Was „à la provençale“ bedeutet

Längst hat es die provenzalische Küche auch nach Mitteleuropa geschafft (das mit der Sonne hat sich herumgesprochen). Viele der genannten Speisen sind Klassiker, und „à la provençale“ beschreibt überall eine Küche, in der Tomatensauce, Kräuter, Gemüse wie Auberginen, Paprika und Zucchini und Olivenöl enthalten sind.

Nizzasalat und andere Spezialitäten

Weitere typisch provenzalische Gerichte sind Salade niçoise (Nizza-Salat, zubereitet mit Tomaten, Paprika, Zwiebeln, gekochtem Ei, Thunfisch, Oliven, Sardellenfilets und Basilikum), und wer in der Region unterwegs ist, der sollte noch ein paar weitere regionale Spezialitäten ausprobieren.

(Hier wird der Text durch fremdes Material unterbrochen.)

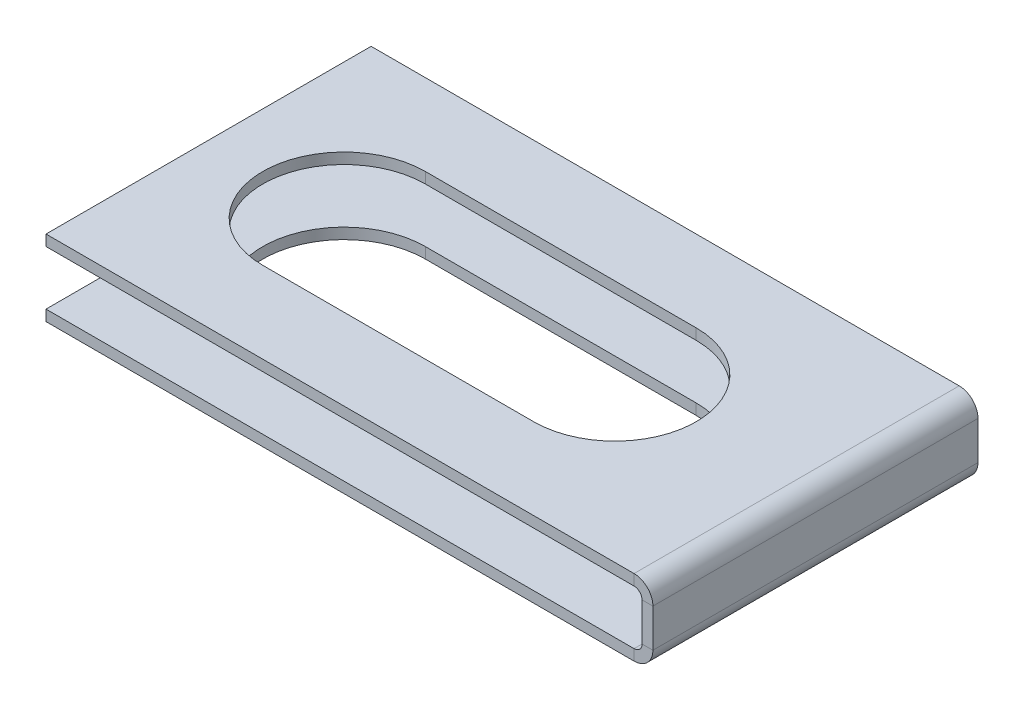
ISO-10303-21;
HEADER;
FILE_DESCRIPTION(('STEP AP214'),'2;1');
FILE_NAME('part.step','',(''),(''),'','','');
FILE_SCHEMA(('AUTOMOTIVE_DESIGN { 1 0 10303 214 1 1 1 1 }'));
ENDSEC;
DATA;
#1=APPLICATION_CONTEXT('core data for automotive mechanical design processes');
#2=APPLICATION_PROTOCOL_DEFINITION('international standard','automotive_design',2000,#1);
#3=PRODUCT_CONTEXT('',#1,'mechanical');
#4=PRODUCT('Part','Part','',(#3));
#5=PRODUCT_RELATED_PRODUCT_CATEGORY('part','',(#4));
#6=PRODUCT_DEFINITION_FORMATION('','',#4);
#7=PRODUCT_DEFINITION_CONTEXT('part definition',#1,'design');
#8=PRODUCT_DEFINITION('design','',#6,#7);
#9=PRODUCT_DEFINITION_SHAPE('','',#8);
#10=(LENGTH_UNIT() NAMED_UNIT(*) SI_UNIT(.MILLI.,.METRE.));
#11=(NAMED_UNIT(*) PLANE_ANGLE_UNIT() SI_UNIT($,.RADIAN.));
#12=(NAMED_UNIT(*) SI_UNIT($,.STERADIAN.) SOLID_ANGLE_UNIT());
#13=UNCERTAINTY_MEASURE_WITH_UNIT(LENGTH_MEASURE(1.E-05),#10,'distance_accuracy_value','');
#14=(GEOMETRIC_REPRESENTATION_CONTEXT(3) GLOBAL_UNCERTAINTY_ASSIGNED_CONTEXT((#13)) GLOBAL_UNIT_ASSIGNED_CONTEXT((#10,
#11,#12)) REPRESENTATION_CONTEXT('',''));
#15=CARTESIAN_POINT('',(0.,0.,0.));
#16=DIRECTION('',(0.,0.,1.));
#17=DIRECTION('',(1.,0.,0.));
#18=AXIS2_PLACEMENT_3D('',#15,#16,#17);
#19=CARTESIAN_POINT('',(28.5,-6.,15.));
#20=DIRECTION('',(0.,0.,-1.));
#21=DIRECTION('',(0.,1.,0.));
#22=AXIS2_PLACEMENT_3D('',#19,#20,#21);
#23=PLANE('',#22);
#24=DIRECTION('',(1.,0.,0.));
#25=VECTOR('',#24,1.);
#26=CARTESIAN_POINT('',(27.5,-5.2634,15.));
#27=LINE('',#26,#25);
#28=CARTESIAN_POINT('',(27.5,-5.2634,15.));
#29=VERTEX_POINT('',#28);
#30=CARTESIAN_POINT('',(28.5,-5.2634,15.));
#31=VERTEX_POINT('',#30);
#32=EDGE_CURVE('E272',#29,#31,#27,.T.);
#33=ORIENTED_EDGE('',*,*,#32,.T.);
#34=DIRECTION('',(0.,-1.,0.));
#35=VECTOR('',#34,1.);
#36=CARTESIAN_POINT('',(28.5,-6.,15.));
#37=LINE('',#36,#35);
#38=CARTESIAN_POINT('',(28.5,-1.73659999999999,15.));
#39=VERTEX_POINT('',#38);
#40=EDGE_CURVE('E300',#39,#31,#37,.T.);
#41=ORIENTED_EDGE('',*,*,#40,.F.);
#42=DIRECTION('',(1.,0.,0.));
#43=VECTOR('',#42,1.);
#44=CARTESIAN_POINT('',(27.5,-1.7366,15.));
#45=LINE('',#44,#43);
#46=CARTESIAN_POINT('',(27.5,-1.7366,15.));
#47=VERTEX_POINT('',#46);
#48=EDGE_CURVE('E291',#47,#39,#45,.T.);
#49=ORIENTED_EDGE('',*,*,#48,.F.);
#50=DIRECTION('',(0.,-1.,0.));
#51=VECTOR('',#50,1.);
#52=CARTESIAN_POINT('',(27.5,-6.,15.));
#53=LINE('',#52,#51);
#54=EDGE_CURVE('E299',#47,#29,#53,.T.);
#55=ORIENTED_EDGE('',*,*,#54,.T.);
#56=EDGE_LOOP('',(#33,#41,#49,#55));
#57=FACE_BOUND('',#56,.T.);
#58=ADVANCED_FACE('F39',(#57),#23,.F.);
#59=CARTESIAN_POINT('',(28.5,-0.999999999999997,-15.));
#60=DIRECTION('',(0.,0.,1.));
#61=DIRECTION('',(0.,-1.,0.));
#62=AXIS2_PLACEMENT_3D('',#59,#60,#61);
#63=PLANE('',#62);
#64=DIRECTION('',(1.,0.,0.));
#65=VECTOR('',#64,1.);
#66=CARTESIAN_POINT('',(27.5,-5.2634,-15.));
#67=LINE('',#66,#65);
#68=CARTESIAN_POINT('',(27.5,-5.2634,-15.));
#69=VERTEX_POINT('',#68);
#70=CARTESIAN_POINT('',(28.5,-5.2634,-15.));
#71=VERTEX_POINT('',#70);
#72=EDGE_CURVE('E283',#69,#71,#67,.T.);
#73=ORIENTED_EDGE('',*,*,#72,.F.);
#74=DIRECTION('',(0.,1.,0.));
#75=VECTOR('',#74,1.);
#76=CARTESIAN_POINT('',(27.5,-1.,-15.));
#77=LINE('',#76,#75);
#78=CARTESIAN_POINT('',(27.5,-1.7366,-15.));
#79=VERTEX_POINT('',#78);
#80=EDGE_CURVE('E303',#69,#79,#77,.T.);
#81=ORIENTED_EDGE('',*,*,#80,.T.);
#82=DIRECTION('',(1.,0.,0.));
#83=VECTOR('',#82,1.);
#84=CARTESIAN_POINT('',(27.5,-1.7366,-15.));
#85=LINE('',#84,#83);
#86=CARTESIAN_POINT('',(28.5,-1.73659999999999,-15.));
#87=VERTEX_POINT('',#86);
#88=EDGE_CURVE('E286',#79,#87,#85,.T.);
#89=ORIENTED_EDGE('',*,*,#88,.T.);
#90=DIRECTION('',(0.,1.,0.));
#91=VECTOR('',#90,1.);
#92=CARTESIAN_POINT('',(28.5,-0.999999999999997,-15.));
#93=LINE('',#92,#91);
#94=EDGE_CURVE('E302',#71,#87,#93,.T.);
#95=ORIENTED_EDGE('',*,*,#94,.F.);
#96=EDGE_LOOP('',(#73,#81,#89,#95));
#97=FACE_BOUND('',#96,.T.);
#98=ADVANCED_FACE('F378',(#97),#63,.F.);
#99=CARTESIAN_POINT('',(28.5,0.,0.));
#100=DIRECTION('',(-1.,0.,0.));
#101=DIRECTION('',(0.,-1.,0.));
#102=AXIS2_PLACEMENT_3D('',#99,#100,#101);
#103=PLANE('',#102);
#104=DIRECTION('',(0.,0.,1.));
#105=VECTOR('',#104,1.);
#106=CARTESIAN_POINT('',(28.5,-5.2634,15.));
#107=LINE('',#106,#105);
#108=EDGE_CURVE('E266',#31,#71,#107,.F.);
#109=ORIENTED_EDGE('',*,*,#108,.T.);
#110=ORIENTED_EDGE('',*,*,#94,.T.);
#111=DIRECTION('',(0.,0.,-1.));
#112=VECTOR('',#111,1.);
#113=CARTESIAN_POINT('',(28.5,-1.73659999999999,0.));
#114=LINE('',#113,#112);
#115=EDGE_CURVE('E294',#39,#87,#114,.T.);
#116=ORIENTED_EDGE('',*,*,#115,.F.);
#117=ORIENTED_EDGE('',*,*,#40,.T.);
#118=EDGE_LOOP('',(#109,#110,#116,#117));
#119=FACE_BOUND('',#118,.T.);
#120=ADVANCED_FACE('F384',(#119),#103,.F.);
#121=CARTESIAN_POINT('',(27.5,0.,0.));
#122=DIRECTION('',(-1.,0.,0.));
#123=DIRECTION('',(0.,-1.,0.));
#124=AXIS2_PLACEMENT_3D('',#121,#122,#123);
#125=PLANE('',#124);
#126=ORIENTED_EDGE('',*,*,#80,.F.);
#127=DIRECTION('',(0.,0.,1.));
#128=VECTOR('',#127,1.);
#129=CARTESIAN_POINT('',(27.5,-5.2634,15.));
#130=LINE('',#129,#128);
#131=EDGE_CURVE('E278',#29,#69,#130,.F.);
#132=ORIENTED_EDGE('',*,*,#131,.F.);
#133=ORIENTED_EDGE('',*,*,#54,.F.);
#134=DIRECTION('',(0.,0.,1.));
#135=VECTOR('',#134,1.);
#136=CARTESIAN_POINT('',(27.5,-1.7366,-15.));
#137=LINE('',#136,#135);
#138=EDGE_CURVE('E289',#79,#47,#137,.T.);
#139=ORIENTED_EDGE('',*,*,#138,.F.);
#140=EDGE_LOOP('',(#126,#132,#133,#139));
#141=FACE_BOUND('',#140,.T.);
#142=ADVANCED_FACE('F417',(#141),#125,.T.);
#143=CARTESIAN_POINT('',(-27.5,-1.,15.));
#144=DIRECTION('',(0.,0.,1.));
#145=DIRECTION('',(1.,0.,0.));
#146=AXIS2_PLACEMENT_3D('',#143,#144,#145);
#147=PLANE('',#146);
#148=DIRECTION('',(1.,0.,0.));
#149=VECTOR('',#148,1.);
#150=CARTESIAN_POINT('',(-27.5,-1.,15.));
#151=LINE('',#150,#149);
#152=CARTESIAN_POINT('',(-27.5,-1.,15.));
#153=VERTEX_POINT('',#152);
#154=CARTESIAN_POINT('',(26.7634,-1.,15.));
#155=VERTEX_POINT('',#154);
#156=EDGE_CURVE('E337',#153,#155,#151,.T.);
#157=ORIENTED_EDGE('',*,*,#156,.T.);
#158=DIRECTION('',(0.,1.,0.));
#159=VECTOR('',#158,1.);
#160=CARTESIAN_POINT('',(26.7634,-1.,15.));
#161=LINE('',#160,#159);
#162=CARTESIAN_POINT('',(26.7634,0.,15.));
#163=VERTEX_POINT('',#162);
#164=EDGE_CURVE('E315',#155,#163,#161,.T.);
#165=ORIENTED_EDGE('',*,*,#164,.T.);
#166=DIRECTION('',(1.,0.,0.));
#167=VECTOR('',#166,1.);
#168=CARTESIAN_POINT('',(-27.5,0.,15.));
#169=LINE('',#168,#167);
#170=CARTESIAN_POINT('',(-27.5,0.,15.));
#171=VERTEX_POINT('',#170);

Genüsse der provenzalischen Küche

Darunter Calissons aus Aix-en-Provence (kleine Konfektstücke aus kandierten Melonen, Mandeln, Zucker, Orangen- und Zitronenschalen), kandierte Früchte (Fruits Confits) aus Apt, Nougat aus Montélimar und Trüffel aus dem Vaucluse, vom Fuße des Mont-Ventoux oder dem Luberon. Der Trüffelmarkt in Carpentras, der jedes Jahr von Mitte November bis Ende März dauert, ist eine Pflichtveranstaltung für alle, die die intensiv schmeckenden Pilze lieben.

Die provenzalische Küche, zu der natürlich immer auch der sehr gute regionale Wein gereicht wird, ist üppig, bodenständig und schnörkellos – und so lecker, dass man ihr kaum widerstehen kann.